# RRV Refused - Review?



## Want2GoHome (Apr 6, 2012)

As the title states, I have just been refused an RRV & am now considering applying for review but not without the aid of a migration agent. Just wondering if anyone who takes the time to read the below, thinks I might have a worthy case?

My story is quite long so I'm not sure how much detail to go into here but basically I migrated to Australia aged 12 in '89 with my parents & younger brother, I lived there until aged 18 when I returned to the UK & I travelled to & fro on a 5yr permanent resident visa. In 2000 I was issed my last temporary 3 month permanent resident return visa & unfortunately for me every time I travelled back to Australia after 2000 I did so on a tourist visa believing I had no chance of applying for an RRV.

I have always wanted to return 'home' to Australia as all of my immediate family who have all become Australian citizens live there & I have maintained close relations with friends I went to school with. 
My recent application for an RRV was based on advice given to me from the Melb Immi Department when I was informed that my current status was that of a PR & that status had nothing to do with what visa I travelled on, infact I was informed that I would always be a PR unless I voluntarily gave it up.

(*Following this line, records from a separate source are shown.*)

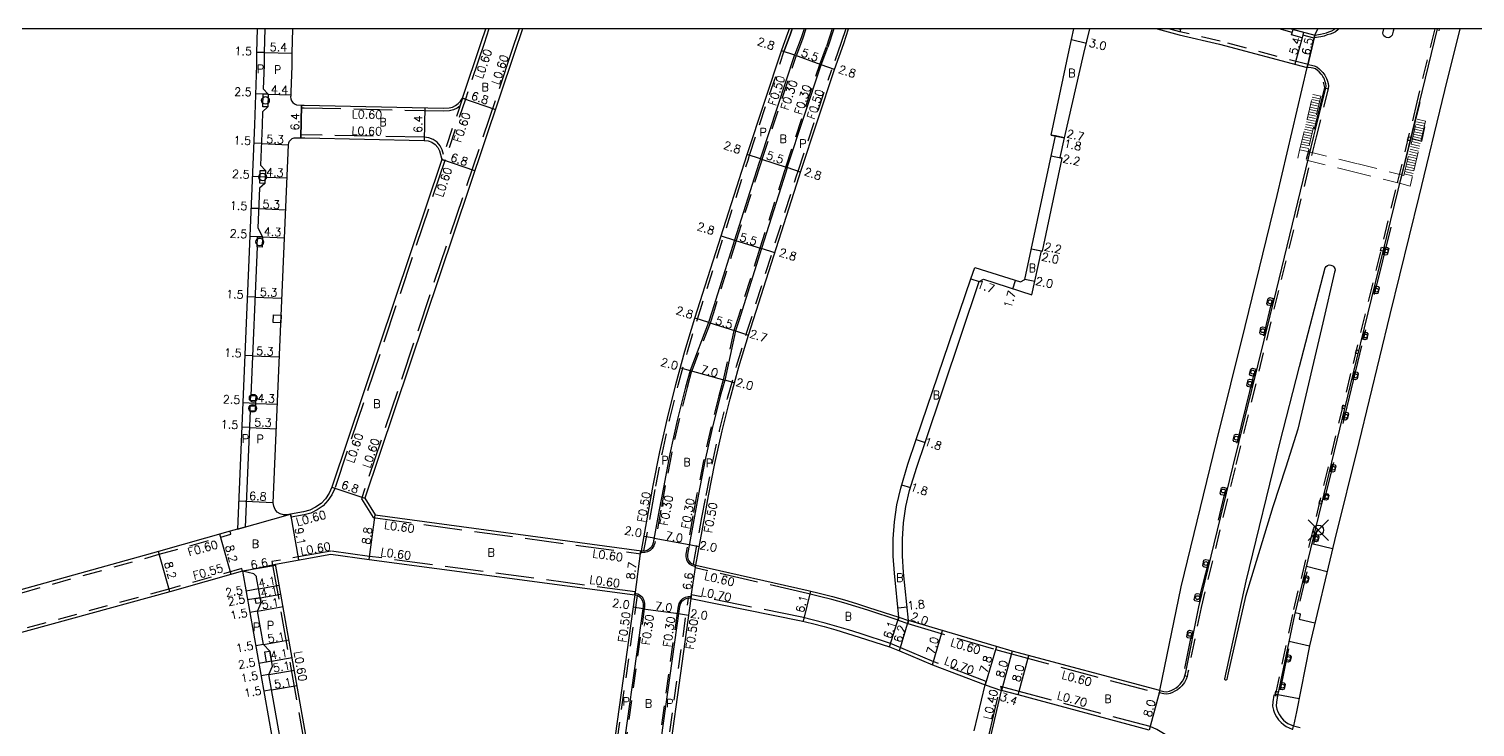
# Model space of a CAD drawing. Header units: metres. Extents: x -1600 to -800, y -108600 to -108000.
# Drawn here: x -1389 to -1106.1, y -108136.6 to -108000 of the extents above; entities that cross this region are included whole.
import ezdxf

# ---------------------------------------------------------------- set-up
doc = ezdxf.new("R2010")
doc.units = ezdxf.units.M
doc.header["$LTSCALE"] = 2.5
doc.header["$PDMODE"] = 35
doc.header["$PDSIZE"] = 2
for name, pattern in [('2212000', [2.5, 1.5, -1]), ('22320', [2.5, 1.5, -1]), ('22330', [4, 3, -1])]:
    doc.linetypes.add(name, pattern=pattern)
doc.layers.get('0').update_dxf_attribs({"color": 150, "lineweight": 50})
for name, color, linetype in [('2101000', 7, 'Continuous'), ('2101001', 1, 'Continuous'), ('2213000', 3, 'Continuous'), ('2226000', 40, 'Continuous'), ('2227100', 7, 'Continuous'), ('2232000', 120, '22320'), ('2233000', 120, '22330'), ('2235000', 4, 'Continuous'), ('2236000', 3, 'Continuous'), ('2238000', 3, 'Continuous'), ('6131000', 26, '613227'), ('6132000', 60, '61320'), ('9107000', 4, 'Continuous'), ('9201100', 215, 'Continuous'), ('9201500', 222, 'Continuous'), ('9202100', 82, 'Continuous'), ('9202200', 82, 'Continuous'), ('9203500', 155, 'Continuous'), ('999', 7, 'Continuous')]:
    doc.layers.add(name, color=color, linetype=linetype)
for name, color, linetype, lineweight in [('2211000', 10, '2212000', 9), ('2211100', 8, 'Continuous', 15), ('6165200', 3, 'Continuous', 30)]:
    doc.layers.add(name, color=color, linetype=linetype, lineweight=lineweight)
doc.styles.add('Dm_Anotation', font='txt.shx', dxfattribs={"bigfont": 'pscdm.shx'})
doc.linetypes.add('61320', pattern='A,0,[3,dmdr.shx,S=0.25,R=0,X=0,Y=0],1.5,[3,dmdr.shx,S=0.25,R=0,X=0,Y=0]', length=1.5)
doc.linetypes.add('613227', pattern='A,3.5,[1,dmdr.shx,S=0.15,R=0,X=0,Y=0],0,[1,dmdr.shx,S=0.075,R=0,X=0,Y=0],1.5', length=5)

# ---------------------------------------------------------------- blocks, each defined once
blk = doc.blocks.new('223800')
at = {"color": 0, "linetype": 'Continuous'}
blk.add_circle((0, 0), 0.75, dxfattribs=at)

msp = doc.modelspace()

# ---------------------------------------------------------------- linework, layer by layer
at = {"layer": '2101000'}
for points in [[(-1344.4, -108000), (-1344.49, -108004.61), (-1344.53, -108007.06), (-1344.9, -108018.8), (-1348.25, -108097.91)], [(-1337.82, -108013.12), (-1337.83, -108013.27), (-1337.78, -108013.68), (-1337.64, -108014.07), (-1337.39, -108014.41), (-1337.07, -108014.67), (-1336.69, -108014.84), (-1335.72, -108014.91), (-1335.17, -108014.92), (-1307.99, -108015.49), (-1306.82, -108015.45), (-1306.18, -108015.28), (-1305.58, -108015), (-1305.04, -108014.62), (-1304.58, -108014.14), (-1304.22, -108013.58), (-1300.55, -108002.65), (-1299.66, -108000)], [(-1337.5, -108000), (-1337.59, -108004.74), (-1337.63, -108007.23), (-1337.8, -108012.36), (-1337.82, -108013.12)], [(-1292.49, -108000), (-1294.1, -108004.81), (-1323.32, -108091.85), (-1321.31, -108095.08), (-1269.22, -108102.15)], [(-1241.76, -108004.1), (-1240.54, -108000.81), (-1240.27, -108000)], [(-1229.63, -108002.84), (-1228.69, -108000)], [(-1218.82, -108115.1), (-1219.73, -108106.5), (-1219.96, -108103.17), (-1219.95, -108099.81), (-1219.71, -108096.46), (-1219.22, -108093.13), (-1218.49, -108089.84), (-1217.06, -108085.2), (-1215.43, -108080.35), (-1204.77, -108048.91), (-1204.01, -108046.66), (-1195.07, -108049.52), (-1194.21, -108049.02), (-1188.2, -108020.95), (-1189.08, -108020.76), (-1185.56, -108004.16), (-1184.59, -108000)], [(-1192.81, -108052.03), (-1190.97, -108043.43), (-1190.77, -108043.47), (-1186.88, -108025.28), (-1187.27, -108025.19), (-1186.44, -108021.33), (-1182.64, -108004.84), (-1181.51, -108000)], [(-1168.31, -108000), (-1164.01, -108001.16), (-1156.12, -108002.98), (-1138.95, -108007.57)], [(-1142.11, -108000), (-1137.48, -108001.24)], [(-1109.13, -108000), (-1112.08, -108012.02), (-1117.12, -108032.79), (-1122.82, -108055.86), (-1128.87, -108080.9), (-1133.61, -108100.12), (-1138.53, -108120.74), (-1141.05, -108133.64), (-1141.64, -108136.39), (-1140.35, -108136.72)], [(-1137.48, -108001.24), (-1136.89, -108000)], [(-1231.44, -108007.92), (-1229.63, -108002.84)], [(-1248.51, -108024.55), (-1241.76, -108004.1)], [(-1348.25, -108097.91), (-1349.69, -108098.31), (-1363.7, -108102.23), (-1402.64, -108113.12), (-1405.03, -108113.74), (-1407.44, -108114.27), (-1407.96, -108114.37), (-1409.87, -108114.71), (-1415.67, -108115.47), (-1440.28, -108118.5), (-1440.1, -108111.19), (-1438.61, -108047.34), (-1438.31, -108035.24), (-1437.52, -108008.87)], [(-1258.54, -108104.91), (-1256.86, -108095.71), (-1256.08, -108091.4), (-1254.83, -108085.02), (-1253.43, -108078.68), (-1251.86, -108072.38), (-1250.12, -108066.12), (-1248.23, -108059.9), (-1238.36, -108028.9), (-1238.06, -108028), (-1231.44, -108007.92)], [(-1167.79, -108129.47), (-1163.64, -108109.16), (-1156.7, -108080.82), (-1151.07, -108058.23), (-1144.82, -108032.58), (-1138.95, -108007.57)], [(-1337.86, -108094.95), (-1338.54, -108095.07), (-1339.22, -108095.08), (-1339.87, -108094.9), (-1340.44, -108094.54), (-1340.88, -108094.02), (-1341.15, -108093.4), (-1341.22, -108092.73), (-1338.26, -108022.66), (-1338.2, -108022.3), (-1338.04, -108021.96), (-1337.81, -108021.68), (-1337.51, -108021.46), (-1337.17, -108021.33), (-1335.85, -108021.31), (-1335.07, -108021.33)], [(-1335.07, -108021.33), (-1311.72, -108021.81), (-1310.95, -108021.92), (-1310.23, -108022.19), (-1309.58, -108022.62), (-1309.05, -108023.19), (-1308.72, -108023.87), (-1308.25, -108025.57)], [(-1308.25, -108025.57), (-1329.77, -108089.69), (-1330.28, -108090.87), (-1331, -108091.94), (-1331.89, -108092.86), (-1332.94, -108093.61), (-1334.1, -108094.16), (-1335.34, -108094.5), (-1337.86, -108094.95)], [(-1269.22, -108102.15), (-1267.69, -108093.73), (-1266.89, -108089.36), (-1265.6, -108082.77), (-1264.13, -108076.16), (-1262.49, -108069.58), (-1260.69, -108063.05), (-1258.74, -108056.63), (-1248.51, -108024.55)], [(-1167.79, -108129.47), (-1196.68, -108121.74), (-1199.77, -108120.87), (-1216.94, -108115.78), (-1217.94, -108106.34), (-1218.16, -108103.11), (-1218.15, -108099.88), (-1217.91, -108096.65), (-1217.45, -108093.46), (-1216.75, -108090.3), (-1215.35, -108085.76), (-1213.72, -108080.92), (-1203.15, -108049.45), (-1202.26, -108049), (-1192.81, -108052.03)], [(-1333.08, -108148.09), (-1340.79, -108104.71), (-1329.97, -108102.79), (-1322.5, -108103.8), (-1270.53, -108110.75)], [(-1258.54, -108104.91), (-1236.58, -108109.87), (-1234.2, -108110.46), (-1231.82, -108111.09), (-1229.46, -108111.75), (-1227.11, -108112.45), (-1224.76, -108113.19), (-1218.82, -108115.1)], [(-1347.24, -108106.14), (-1340.05, -108146.57), (-1340.2, -108154.01), (-1354.49, -108206.58), (-1356.86, -108208.4), (-1442.36, -108207.88)], [(-1347.24, -108106.14), (-1361.49, -108110.13), (-1400.55, -108120.85), (-1403.16, -108121.52), (-1405.87, -108122.12), (-1412.98, -108123.4), (-1416.58, -108123.85), (-1436.39, -108126.28), (-1440.58, -108126.6)], [(-1270.53, -108110.75), (-1276.64, -108154.69), (-1277.12, -108158.26)], [(-1259.52, -108111.45), (-1265.74, -108156.18), (-1266.17, -108159.36), (-1266.57, -108162.54), (-1266.95, -108165.73), (-1267.8, -108173.13), (-1268.79, -108175.64), (-1269.75, -108186.66), (-1269.25, -108186.7), (-1271.84, -108213.63), (-1270.08, -108215.93)], [(-1259.52, -108111.45), (-1237.99, -108115.8), (-1235.72, -108116.37), (-1233.43, -108116.97), (-1231.15, -108117.61), (-1228.89, -108118.29), (-1226.61, -108119), (-1220.7, -108120.91), (-1218.7, -108121.72), (-1212.27, -108124.47), (-1201.98, -108128.35)], [(-1218.26, -108222.02), (-1212.67, -108191.15), (-1211.8, -108186.49), (-1210.86, -108181.84), (-1209.58, -108175.98), (-1208.1, -108169.33), (-1200.79, -108138.15), (-1198.75, -108129.46)], [(-1204.1, -108137.37), (-1201.98, -108128.35)], [(-1169.86, -108137.2), (-1195.51, -108130.33), (-1198.75, -108129.46)]]:
    msp.add_lwpolyline(points, dxfattribs=at)
at = {"layer": '2101001'}
msp.add_lwpolyline([(-1138.95, -108007.57), (-1137.48, -108001.24)], dxfattribs=at)
at = {"layer": '2211000'}
msp.add_lwpolyline([(-1129.41, -108028.09), (-1140.82, -108025.29), (-1140.44, -108023.71), (-1137.84, -108012.85), (-1136.29, -108013.17), (-1138.81, -108024.01), (-1129.01, -108026.43), (-1120.06, -108028.66), (-1117.47, -108017.68), (-1115.8, -108018.07), (-1118.4, -108028.91), (-1118.44, -108029.07), (-1118.85, -108030.78), (-1120.48, -108030.34)], close=True, dxfattribs=at)
at = {"layer": '2211100'}
for points in [[(-1138.31, -108014.79), (-1136.74, -108015.12)], [(-1138.19, -108014.3), (-1136.63, -108014.63)], [(-1138.07, -108013.82), (-1136.52, -108014.14)], [(-1137.96, -108013.33), (-1136.4, -108013.66)], [(-1138.89, -108017.22), (-1137.31, -108017.55)], [(-1138.77, -108016.73), (-1137.2, -108017.07)], [(-1138.66, -108016.25), (-1137.08, -108016.58)], [(-1138.54, -108015.76), (-1136.97, -108016.09)], [(-1138.42, -108015.28), (-1136.86, -108015.61)], [(-1139.59, -108020.14), (-1137.99, -108020.48)], [(-1139.47, -108019.65), (-1137.87, -108019.99)], [(-1139.36, -108019.17), (-1137.76, -108019.5)], [(-1139.24, -108018.68), (-1137.65, -108019.02)], [(-1139.12, -108018.2), (-1137.53, -108018.53)], [(-1139.01, -108017.71), (-1137.42, -108018.04)], [(-1118.05, -108020.11), (-1116.38, -108020.49)], [(-1117.93, -108019.62), (-1116.26, -108020)], [(-1117.82, -108019.15), (-1116.14, -108019.52)], [(-1117.7, -108018.65), (-1116.03, -108019.04)], [(-1117.59, -108018.16), (-1115.91, -108018.54)], [(-1140.29, -108023.06), (-1138.67, -108023.4)], [(-1140.17, -108022.57), (-1138.55, -108022.91)], [(-1140.05, -108022.09), (-1138.44, -108022.43)], [(-1139.94, -108021.6), (-1138.33, -108021.94)], [(-1139.82, -108021.11), (-1138.21, -108021.45)], [(-1139.7, -108020.63), (-1138.1, -108020.96)], [(-1118.73, -108023.03), (-1117.08, -108023.41)], [(-1118.62, -108022.54), (-1116.96, -108022.93)], [(-1118.5, -108022.05), (-1116.85, -108022.44)], [(-1118.39, -108021.57), (-1116.73, -108021.97)], [(-1118.27, -108021.08), (-1116.61, -108021.47)], [(-1118.16, -108020.59), (-1116.49, -108020.98)], [(-1140.43, -108023.67), (-1138.81, -108024.01)], [(-1119.42, -108025.95), (-1117.78, -108026.33)], [(-1119.3, -108025.46), (-1117.66, -108025.85)], [(-1119.19, -108024.98), (-1117.55, -108025.37)], [(-1119.08, -108024.5), (-1117.43, -108024.87)], [(-1118.96, -108024), (-1117.31, -108024.39)], [(-1118.85, -108023.52), (-1117.2, -108023.9)], [(-1119.99, -108028.38), (-1118.36, -108028.77)], [(-1119.88, -108027.9), (-1118.25, -108028.28)], [(-1119.76, -108027.42), (-1118.13, -108027.79)], [(-1119.65, -108026.92), (-1118.01, -108027.3)], [(-1119.53, -108026.44), (-1117.9, -108026.82)]]:
    msp.add_lwpolyline(points, dxfattribs=at)
at = {"layer": '2213000'}
for points in [[(-1342.9, -108000), (-1342.99, -108004.63), (-1343.03, -108007.09), (-1343.18, -108011.73), (-1342.21, -108012.76), (-1342.29, -108015.26), (-1343.32, -108016.23), (-1343.4, -108018.85), (-1343.74, -108026.69), (-1342.78, -108027.73), (-1342.88, -108030.23), (-1343.93, -108031.18), (-1344.25, -108038.93), (-1343.33, -108040.7), (-1343.41, -108042.7), (-1344.41, -108042.66), (-1345.64, -108071.73), (-1344.64, -108071.78), (-1344.77, -108074.77), (-1345.76, -108074.73), (-1346.73, -108097.48), (-1348.25, -108097.91)], [(-1237.37, -108000), (-1237.94, -108001.72), (-1239.17, -108005.01)], [(-1231.58, -108000), (-1232.75, -108003.54)], [(-1113.54, -108000), (-1117.05, -108014.44), (-1121.24, -108031.57), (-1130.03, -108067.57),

Relieved I tried to apply there & then however the individual dealing with my application said that I only had one piece of documentation missing, that which would highlight compelling & compassionate reasons for my absence since 2005. This evidence I could provide but unfortunately not there & then otherwise he said he would have been able to approve an RRV for me there and then. 

On return to the UK I lodged an offshore application, including a letter from a Dr stating the compelling & compassionate reasons fro my absence since 2005 (whihc I should add also includes getting married in '07 & having two children between then and now) Feeling confident it would be accepted, I felt heartbroken & shocked (based on the advice given to me in Melbourne from the Immi Dept) when the reply came back as 'refused'. 

I would really like to apply for my case to be reviewed and with the assistance of a migration agent (althouhg according the notification, I can not apply for review myself, it will have to be my father who is in Melbourne).

Are there many successful cases where these decisions are turned around? Will I be wastign my time,emotions and finances on applying for a review or should I give up my hope of returnign to Australia to be with family and re-focus my future plans on staying put in the UK?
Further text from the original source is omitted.